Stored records
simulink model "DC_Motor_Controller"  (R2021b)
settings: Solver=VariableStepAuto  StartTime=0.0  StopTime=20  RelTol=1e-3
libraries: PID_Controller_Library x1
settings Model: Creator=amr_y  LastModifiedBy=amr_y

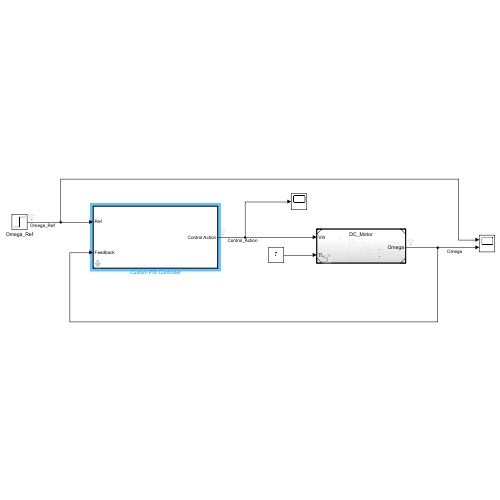
[thumbnail: Simulink's stored preview of the top-level diagram]
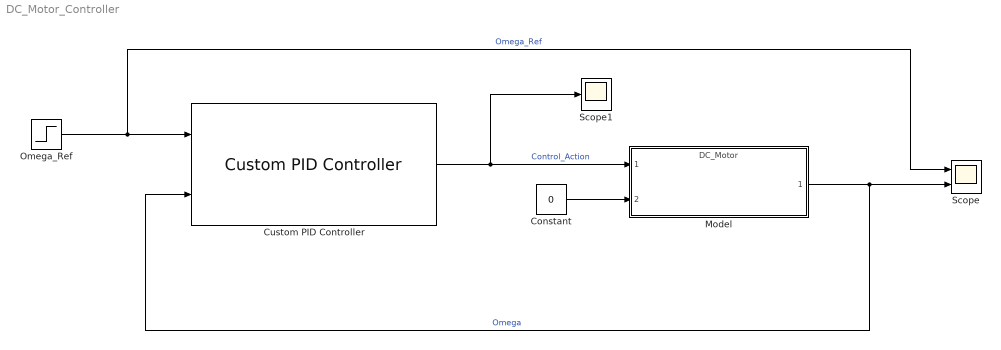
== system DC_Motor_Controller ==
  Constant : Constant  Value=0
  Custom PID Controller : PID_Controller_Library/Custom PID Controller  mask{Kp=1, Ki=1, Kd=0, Ic=0}
      mask prompts: Kp "Proportional"; Ki "Integeral"; Kd "differential"; Ic "Initial Condition"
      mask help:
      | Proportional is Kp gain
      | Integeral is Ki gain
      | Differential is Kd gain
  Model : ModelReference  ModelNameDialog=DC_Motor.slx  SimulationMode=Normal  ModelReferenceVersion=1.5
  Omega_Ref : Step  After=200  SampleTime=0
  Scope : Scope  NumInputPorts=2
  Scope1 : Scope
  wires:
  Custom PID Controller/1 -> Scope1/1, Model/1  "Control_Action"
  Omega_Ref/1 -> Scope/1, Custom PID Controller/1  "Omega_Ref"
  Model/1 -> Scope/2, Custom PID Controller/2  "Omega"
  Constant/1 -> Model/2

◆ What this task involves: In the records above, some lines may contain the word "Integeral"; copy every one of them.

◆ Task solution:
      mask prompts: Kp "Proportional"; Ki "Integeral"; Kd "differential"; Ic "Initial Condition"
      | Integeral is Ki gain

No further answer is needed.